The biggest mistake: comparing a payment instead of comparing a deal
It’s normal to focus on the monthly payment. But two loans can show the same payment and be totally different deals. One might have a lower interest rate but higher points. Another might have lower points but a higher rate. And if one quote assumes a smaller escrow deposit (or excludes it entirely), the payment can look cheaper than it will be at closing.
Where to look first on the Loan Estimate
1) Page 1: Loan terms and projected payments
Start with the interest rate, whether it can change, and whether there’s a prepayment penalty. Then scan the “Projected Payments” box. This is where escrow can confuse people: the LE shows principal and interest, plus estimated taxes/insurance, plus mortgage insurance (if any). These are estimates early on, not guarantees.
2) Page 2: Closing costs and who controls them
Page 2 is the “truth” of the deal. It separates costs into buckets that behave differently: lender fees, third-party services you can shop for, and services you typically can’t. Even when a cost is “estimated,” you still want to know who picked the provider and whether that estimate is realistic for your Minnesota county and property type.
3) Page 3: Cash to close
This is where people either relax or panic. Cash to close includes your down payment plus closing costs plus prepaid items and initial escrow deposits, minus any credits (seller credits, lender credits). If two lenders show very different cash-to-close, it’s usually because of points/credits or escrow assumptions.
What’s allowed to change between the LE and CD?
Most “changes” fall into three categories: (1) things you control, (2) things the lender controls, and (3) things no one controls until the details are final. Here are the most common ones.
- Prepaid items and escrow deposits: taxes, homeowners insurance, and per-diem interest often change once the closing date and insurance policy are finalized.
- Third-party services you can shop for: pest inspections, surveys, and some title services may vary depending on the provider you choose.
- Rate-dependent items: if you are not locked, interest rates can move, which changes your payment and can also change lender credits or pricing adjustments.
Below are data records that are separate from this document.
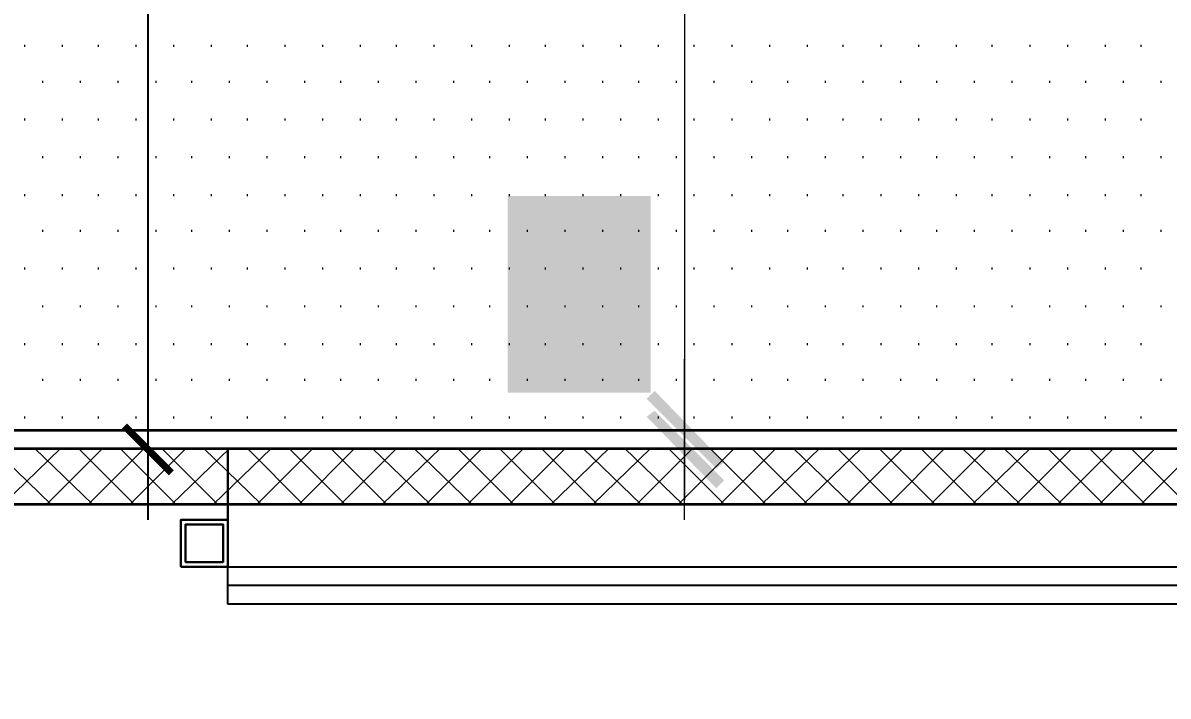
# Model space of a CAD drawing. Header units: millimetres. Extents: x -383313 to -161684, y -117025 to 99224.
# Drawn here: x -329951 to -327510, y -26108 to -24674 of the extents above; entities that cross this region are included whole.
import ezdxf

# ---------------------------------------------------------------- set-up
doc = ezdxf.new("R2010")
doc.units = ezdxf.units.MM
doc.header["$MEASUREMENT"] = 0
doc.layers.get('Defpoints').update_dxf_attribs({"color": 31})
for name, color, linetype in [('001__КОНСТРУКТИВ__Двери', 13, 'Continuous'), ('001__КОНСТРУКТИВ__Колонны', 14, 'Continuous'), ('001__КОНСТРУКТИВ__размеры внутр.', 7, 'Continuous'), ('PDF_Geometry', 7, 'Continuous'), ('PDF_Solid Fills', 7, 'Continuous')]:
    doc.layers.add(name, color=color, linetype=linetype)
doc.layers.add('001__КОНСТРУКТИВ__Стены наружные', color=7, linetype='Continuous', lineweight=30)
doc.styles.add('PSTUDIO', font='arial.ttf')
doc.dimstyles.new('PS_TICK', dxfattribs={"dimscale": 100, "dimtxt": 2.5, "dimasz": 1, "dimexe": 2, "dimexo": 2, "dimgap": 1, "dimtad": 1, "dimdec": 0, "dimzin": 0, "dimdsep": 46, "dimtxsty": 'PSTUDIO', "dimblk": 'ARCHTICK', "dimcen": 2, "dimdle": 1.5, "dimse1": 1, "dimse2": 1, "dimadec": 0, "dimazin": 0, "dimtfac": 1, "dimtdec": 0, "dimtix": 1, "dimtmove": 1, "dimatfit": 3, "dimldrblk": 'ARCHTICK', "dimfxl": 1, "dimtolj": 1, "dimtzin": 0, "dimarcsym": 0})

# ---------------------------------------------------------------- blocks, each defined once
blk = doc.blocks.new('_ArchTick')
at = {"color": 0, "linetype": 'ByBlock', "const_width": 0.15}
blk.add_lwpolyline([(-0.5, -0.5), (0.5, 0.5)], dxfattribs=at)
blk = doc.blocks.new('*D290')
at = {"layer": '001__КОНСТРУКТИВ__размеры внутр.', "color": 0, "lineweight": -2, "ltscale": 100, "transparency": 16777216}
blk.add_line((-329684.2, -21682.1), (-329684.2, -25732.1), dxfattribs=at)
at = {"layer": 'Defpoints', "color": 0, "ltscale": 100, "transparency": 16777216}
for p in [(-330226.1, -21832.1), (-330226.1, -25582.1), (-329684.2, -25582.1)]:
    blk.add_point(p, dxfattribs=at)
at = {"layer": '001__КОНСТРУКТИВ__размеры внутр.', "color": 0, "lineweight": -2, "ltscale": 100, "transparency": 16777216, "xscale": 100, "yscale": 100, "zscale": 100}
for p, rotation in [((-329684.2, -21832.1), 90), ((-329684.2, -25582.1), 270)]:
    blk.add_blockref('_ArchTick', p, dxfattribs=dict(at, rotation=rotation))
at = {"layer": '001__КОНСТРУКТИВ__размеры внутр.', "color": 0, "ltscale": 100, "transparency": 16777216, "insert": (-329911.9, -23707.1), "char_height": 250, "attachment_point": 5, "rotation": 90, "style": 'PSTUDIO'}
blk.add_mtext('\\A1;3750', dxfattribs=at)
blk = doc.blocks.new('A$Cf5759c35')
at = {"layer": 'PDF_Solid Fills'}
for points in [[(29569.7, -6883.4), (29569.7, -6883.4), (29569.7, -6908.8), (29573.9, -6913), (29573.9, -6917.3), (29578.1, -6925.7), (29582.4, -6930), (29582.4, -6930), (29586.6, -6934.2), (29595.1, -6938.4), (29595.1, -6883.4), (29595.1, -6883.4), (29595.1, -6874.9), (29595.1, -6870.7), (29599.3, -6862.2), (29603.5, -6858), (29607.8, -6853.8), (29616.2, -6849.5), (29616.2, -6849.5), (29620.5, -6845.3), (29624.7, -6845.3), (29628.9, -6841.1), (29633.2, -6841.1), (29637.4, -6841.1), (29645.9, -6836.8), (29654.3, -6836.8), (29658.6, -6836.8), (29667, -6836.8), (29675.5, -6836.8), (29688.2, -6836.8), (29696.7, -6836.8), (29696.7, -6836.8), (29709.4, -6836.8), (29717.8, -6836.8), (29726.3, -6836.8), (29734.8, -6836.8), (29739, -6836.8), (29747.5, -6836.8), (29755.9, -6841.1), (29760.2, -6841.1), (29764.4, -6841.1), (29768.6, -6845.3), (29772.9, -6845.3), (29777.1, -6849.5), (29781.3, -6849.5), (29785.6, -6853.8), (29789.8, -6862.2), (29794, -6866.5), (29798.3, -6870.7), (29798.3, -6879.2), (29798.3, -6883.4), (29802.5, -6938.4), (29806.7, -6934.2), (29811, -6930), (29815.2, -6925.7), (29815.2, -6917.3), (29819.4, -6913), (29819.4, -6904.6), (29823.7, -6900.3), (29823.7, -6891.9), (29823.7, -6883.4), (29823.7, -6883.4), (29823.7, -6874.9), (29823.7, -6870.7), (29819.4, -6862.2), (29819.4, -6858), (29815.2, -6849.5), (29811, -6845.3), (29811, -6841.1), (29806.7, -6836.8), (29802.5, -6832.6), (29798.3, -6828.4), (29794, -6824.1), (29785.6, -6819.9), (29781.3, -6819.9), (29772.9, -6815.7), (29768.6, -6811.4), (29764.4, -6811.4), (29760.2, -6811.4), (29755.9, -6807.2), (29747.5, -6807.2), (29743.2, -6807.2), (29734.8, -6807.2), (29726.3, -6803), (29722.1, -6803), (29713.6, -6803), (29705.1, -6803), (29696.7, -6803), (29692.4, -6803), (29684, -6803), (29675.5, -6803), (29667, -6803), (29662.8, -6803), (29654.3, -6807.2), (29650.1, -6807.2), (29641.6, -6807.2), (29637.4, -6807.2), (29628.9, -6811.4), (29624.7, -6811.4), (29616.2, -6815.7), (29612, -6819.9), (29603.5, -6819.9), (29599.3, -6824.1), (29599.3, -6824.1), (29595.1, -6828.4), (29590.8, -6832.6), (29582.4, -6836.8), (29578.1, -6845.3), (29578.1, -6849.5), (29573.9, -6849.5), (29573.9, -6858), (29569.7, -6862.2), (29569.7, -6870.7), (29569.7, -6879.2)], [(29595.1, -6938.4), (29599.3, -6942.7), (29603.5, -6946.9), (29612, -6951.1), (29616.2, -6955.4), (29624.7, -6955.4), (29624.7, -6959.6), (29633.2, -6959.6), (29637.4, -6959.6), (29645.9, -6963.8), (29650.1, -6963.8), (29658.6, -6963.8), (29662.8, -6963.8), (29671.3, -6963.8), (29679.7, -6963.8), (29688.2, -6968.1), (29696.7, -6968.1), (29700.9, -6968.1), (29709.4, -6968.1), (29717.8, -6963.8), (29726.3, -6963.8), (29734.8, -6963.8), (29743.2, -6963.8), (29747.5, -6963.8), (29755.9, -6959.6), (29760.2, -6959.6), (29768.6, -6955.4), (29772.9, -6955.4), (29777.1, -6951.1), (29785.6, -6951.1), (29789.8, -6946.9), (29794, -6942.7), (29798.3, -6942.7), (29802.5, -6938.4), (29798.3, -6883.4), (29798.3, -6887.6), (29798.3, -6891.9), (29794, -6900.3), (29794, -6904.6), (29789.8, -6908.8), (29785.6, -6917.3), (29777.1, -6921.5), (29777.1, -6921.5), (29772.9, -6921.5), (29768.6, -6925.7), (29764.4, -6925.7), (29760.2, -6930), (29751.7, -6930), (29747.5, -6930), (29739, -6934.2), (29730.5, -6934.2), (29722.1, -6934.2), (29713.6, -6934.2), (29705.1, -6934.2), (29696.7, -6934.2), (29688.2, -6934.2), (29679.7, -6934.2), (29671.3, -6934.2), (29662.8, -6934.2), (29654.3, -6934.2), (29650.1, -6930), (29641.6, -6930), (29637.4, -6930), (29628.9, -6925.7), (29624.7, -6925.7), (29620.5, -6921.5), (29616.2, -6921.5), (29612, -6917.3), (29607.8, -6913), (29603.5, -6908.8), (29599.3, -6904.6), (29595.1, -6900.3), (29595.1, -6891.9), (29595.1, -6883.4)], [(29569.7, -7031.6), (29569.7, -7057), (29730.5, -7171.3), (29760.2, -7171.3), (29760.2, -7061.2), (29819.4, -7061.2), (29819.4, -7031.6), (29760.2, -7031.6), (29760.2, -6997.7), (29730.5, -6997.7), (29730.5, -7031.6), (29730.5, -7141.6), (29620.5, -7061.2)], [(29569.7, -7031.6), (29620.5, -7061.2), (29730.5, -7061.2), (29730.5, -7141.6), (29730.5, -7031.6)]]:
    blk.add_hatch(color=8, dxfattribs=at).paths.add_polyline_path(points)
at = {"layer": 'PDF_Geometry', "color": 8, "lineweight": 35}
for points in [[(38379.2, 12369.8), (38379.2, 6997.7), (37477.5, 6997.7), (37477.5, 6366.9), (38379.2, 6366.9), (38379.2, 999.1), (37477.5, 999.1), (37477.5, 368.3), (38379.2, 368.3), (38379.2, -4999.6), (37477.5, -4999.6), (37477.5, -5630.3), (38379.2, -5630.3), (38379.2, -7277.1), (17640.1, -7277.1), (-1888.1, 3395.1), (-1270, 4466.2)], [(-2582.3, 2887.1), (-2209.8, 3526.4), (17627.4, -7315.2), (38290.3, -7315.2), (38290.3, -8187.3)], [(-2480.7, 2827.9), (-2167.5, 3365.5), (17597.8, -7433.7), (38171.8, -7433.7), (38171.8, -8187.3)]]:
    blk.add_lwpolyline(points, dxfattribs=at)
at = {"layer": 'PDF_Geometry', "color": 8, "lineweight": 13}
for points in [[(29921, -3416.3), (29921, -7425.3)], [(29921, -7467.6), (29921, -7315.2), (29921, -7277.1), (29921, -7124.7)], [(28574.8, -7315.2), (30073.4, -7315.2)]]:
    blk.add_lwpolyline(points, dxfattribs=at)
at = {"layer": 'PDF_Geometry', "color": 8, "lineweight": 9}
for points in [[(28515.6, -6460.1), (28515.6, -6455.8)], [(28596, -6460.1), (28596, -6455.8)], [(28672.2, -6460.1), (28672.2, -6455.8)], [(28752.6, -6460.1), (28752.6, -6455.8)], [(28833.1, -6460.1), (28833.1, -6455.8)], [(28913.5, -6460.1), (28913.5, -6455.8)], [(28989.7, -6460.1), (28989.7, -6455.8)], [(29070.1, -6460.1), (29070.1, -6455.8)], [(29150.6, -6460.1), (29150.6, -6455.8)], [(29231, -6460.1), (29231, -6455.8)], [(29307.2, -6460.1), (29307.2, -6455.8)], [(29387.6, -6460.1), (29387.6, -6455.8)], [(29468.1, -6460.1), (29468.1, -6455.8)], [(29548.5, -6460.1), (29548.5, -6455.8)], [(29624.7, -6460.1), (29624.7, -6455.8)], [(29705.1, -6460.1), (29705.1, -6455.8)], [(29785.6, -6460.1), (29785.6, -6455.8)], [(29866, -6460.1), (29866, -6455.8)], [(29942.2, -6460.1), (29942.2, -6455.8)], [(30022.6, -6460.1), (30022.6, -6455.8)], [(30103.1, -6460.1), (30103.1, -6455.8)], [(30183.5, -6460.1), (30183.5, -6455.8)], [(30259.7, -6460.1), (30259.7, -6455.8)], [(30340.1, -6460.1), (30340.1, -6455.8)], [(30420.6, -6460.1), (30420.6, -6455.8)], [(30501, -6460.1), (30501, -6455.8)], [(30577.2, -6460.1), (30577.2, -6455.8)], [(30657.6, -6460.1), (30657.6, -6455.8)], [(30738.1, -6460.1), (30738.1, -6455.8)], [(30818.5, -6460.1), (30818.5, -6455.8)], [(30894.7, -6460.1), (30894.7, -6455.8)], [(28553.7, -6536.3), (28553.7, -6532)], [(28634.1, -6536.3), (28634.1, -6532)], [(28714.5, -6536.3), (28714.5, -6532)], [(28795, -6536.3), (28795, -6532)], [(28871.2, -6536.3), (28871.2, -6532)], [(28951.6, -6536.3), (28951.6, -6532)], [(29032, -6536.3), (29032, -6532)], [(29112.5, -6536.3), (29112.5, -6532)], [(29188.7, -6536.3), (29188.7, -6532)], [(29269.1, -6536.3), (29269.1, -6532)], [(29349.5, -6536.3), (29349.5, -6532)], [(29430, -6536.3), (29430, -6532)], [(29506.2, -6536.3), (29506.2, -6532)], [(29586.6, -6536.3), (29586.6, -6532)], [(29667, -6536.3), (29667, -6532)], [(29747.5, -6536.3), (29747.5, -6532)], [(29823.7, -6536.3), (29823.7, -6532)], [(29904.1, -6536.3), (29904.1, -6532)], [(29984.5, -6536.3), (29984.5, -6532)], [(30065, -6536.3), (30065, -6532)], [(30141.2, -6536.3), (30141.2, -6532)], [(30221.6, -6536.3), (30221.6, -6532)], [(30302, -6536.3), (30302, -6532)], [(30382.5, -6536.3), (30382.5, -6532)], [(30458.7, -6536.3), (30458.7, -6532)], [(30539.1, -6536.3), (30539.1, -6532)], [(30619.5, -6536.3), (30619.5, -6532)], [(30700, -6536.3), (30700, -6532)], [(30776.2, -6536.3), (30776.2, -6532)], [(30856.6, -6536.3), (30856.6, -6532)], [(30937, -6536.3), (30937, -6532)], [(28515.6, -6616.7), (28515.6, -6612.5)], [(28596, -6616.7), (28596, -6612.5)], [(28672.2, -6616.7), (28672.2, -6612.5)], [(28752.6, -6616.7), (28752.6, -6612.5)], [(28833.1, -6616.7), (28833.1, -6612.5)], [(28913.5, -6616.7), (28913.5, -6612.5)], [(28989.7, -6616.7), (28989.7, -6612.5)], [(29070.1, -6616.7), (29070.1, -6612.5)], [(29150.6, -6616.7), (29150.6, -6612.5)], [(29231, -6616.7), (29231, -6612.5)], [(29307.2, -6616.7), (29307.2, -6612.5)], [(29387.6, -6616.7), (29387.6, -6612.5)], [(29468.1, -6616.7), (29468.1, -6612.5)], [(29548.5, -6616.7), (29548.5, -6612.5)], [(29624.7, -6616.7), (29624.7, -6612.5)], [(29705.1, -6616.7), (29705.1, -6612.5)], [(29785.6, -6616.7), (29785.6, -6612.5)], [(29866, -6616.7), (29866, -6612.5)], [(29942.2, -6616.7), (29942.2, -6612.5)], [(30022.6, -6616.7), (30022.6, -6612.5)], [(30103.1, -6616.7), (30103.1, -6612.5)], [(30183.5, -6616.7), (30183.5, -6612.5)], [(30259.7, -6616.7), (30259.7, -6612.5)], [(30340.1, -6616.7), (30340.1, -6612.5)], [(30420.6, -6616.7), (30420.6, -6612.5)], [(30501, -6616.7), (30501, -6612.5)], [(30577.2, -6616.7), (30577.2, -6612.5)], [(30657.6, -6616.7), (30657.6, -6612.5)], [(30738.1, -6616.7), (30738.1, -6612.5)], [(30818.5, -6616.7), (30818.5, -6612.5)], [(30894.7, -6616.7), (30894.7, -6612.5)], [(28553.7, -6697.1), (28553.7, -6692.9)], [(28634.1, -6697.1), (28634.1, -6692.9)], [(28714.5, -6697.1), (28714.5, -6692.9)], [(28795, -6697.1), (28795, -6692.9)], [(28871.2, -6697.1), (28871.2, -6692.9)], [(28951.6, -6697.1), (28951.6, -6692.9)], [(29032, -6697.1), (29032, -6692.9)], [(29112.5, -6697.1), (29112.5, -6692.9)], [(29188.7, -6697.1), (29188.7, -6692.9)], [(29269.1, -6697.1), (29269.1, -6692.9)], [(29349.5, -6697.1), (29349.5, -6692.9)], [(29430, -6697.1), (29430, -6692.9)], [(29506.2, -6697.1), (29506.2, -6692.9)], [(29586.6, -6697.1), (29586.6, -6692.9)], [(29667, -6697.1), (29667, -6692.9)], [(29747.5, -6697.1), (29747.5, -6692.9)], [(29823.7, -6697.1), (29823.7, -6692.9)], [(29904.1, -6697.1), (29904.1, -6692.9)], [(29984.5, -6697.1), (29984.5, -6692.9)], [(30065, -6697.1), (30065, -6692.9)], [(30141.2, -6697.1), (30141.2, -6692.9)], [(30221.6, -6697.1), (30221.6, -6692.9)], [(30302, -6697.1), (30302, -6692.9)], [(30382.5, -6697.1), (30382.5, -6692.9)], [(30458.7, -6697.1), (30458.7, -6692.9)], [(30539.1, -6697.1), (30539.1, -6692.9)], [(30619.5, -6697.1), (30619.5, -6692.9)], [(30700, -6697.1), (30700, -6692.9)], [(30776.2, -6697.1), (30776.2, -6692.9)], [(30856.6, -6697.1), (30856.6, -6692.9)], [(30937, -6697.1), (30937, -6692.9)], [(28515.6, -6777.6), (28515.6, -6773.3)], [(28596, -6777.6), (28596, -6773.3)], [(28672.2, -6777.6), (28672.2, -6773.3)], [(28752.6, -6777.6), (28752.6, -6773.3)], [(28833.1, -6777.6), (28833.1, -6773.3)], [(28913.5, -6777.6), (28913.5, -6773.3)], [(28989.7, -6777.6), (28989.7, -6773.3)], [(29070.1, -6777.6), (29070.1, -6773.3)], [(29150.6, -6777.6), (29150.6, -6773.3)], [(29231, -6777.6), (29231, -6773.3)], [(29307.2, -6777.6), (29307.2, -6773.3)], [(29387.6, -6777.6), (29387.6, -6773.3)], [(29468.1, -6777.6), (29468.1, -6773.3)], [(29548.5, -6777.6), (29548.5, -6773.3)], [(29624.7, -6777.6), (29624.7, -6773.3)], [(29705.1, -6777.6), (29705.1, -6773.3)], [(29785.6, -6777.6), (29785.6, -6773.3)], [(29866, -6777.6), (29866, -6773.3)], [(29942.2, -6777.6), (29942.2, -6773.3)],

Mortgage insurance example (FHA): why the details matter
Mortgage insurance is one of the easiest places to get confused because it can look like a “small” monthly number but add up to thousands over time. FHA loans, in particular, typically include an upfront mortgage insurance premium (UFMIP) and an annual premium (paid monthly). HUD’s published table lists the upfront premium as 1.75% of the base loan amount for all mortgages.
The annual FHA MIP rate depends on your loan term, your loan size, and your loan-to-value (LTV). For example, in HUD’s table, a mortgage term over 15 years with a base loan amount at or below $625,500 and an LTV over 95% shows an annual MIP of 85 basis points (0.85%). Change any of those inputs and the MIP changes.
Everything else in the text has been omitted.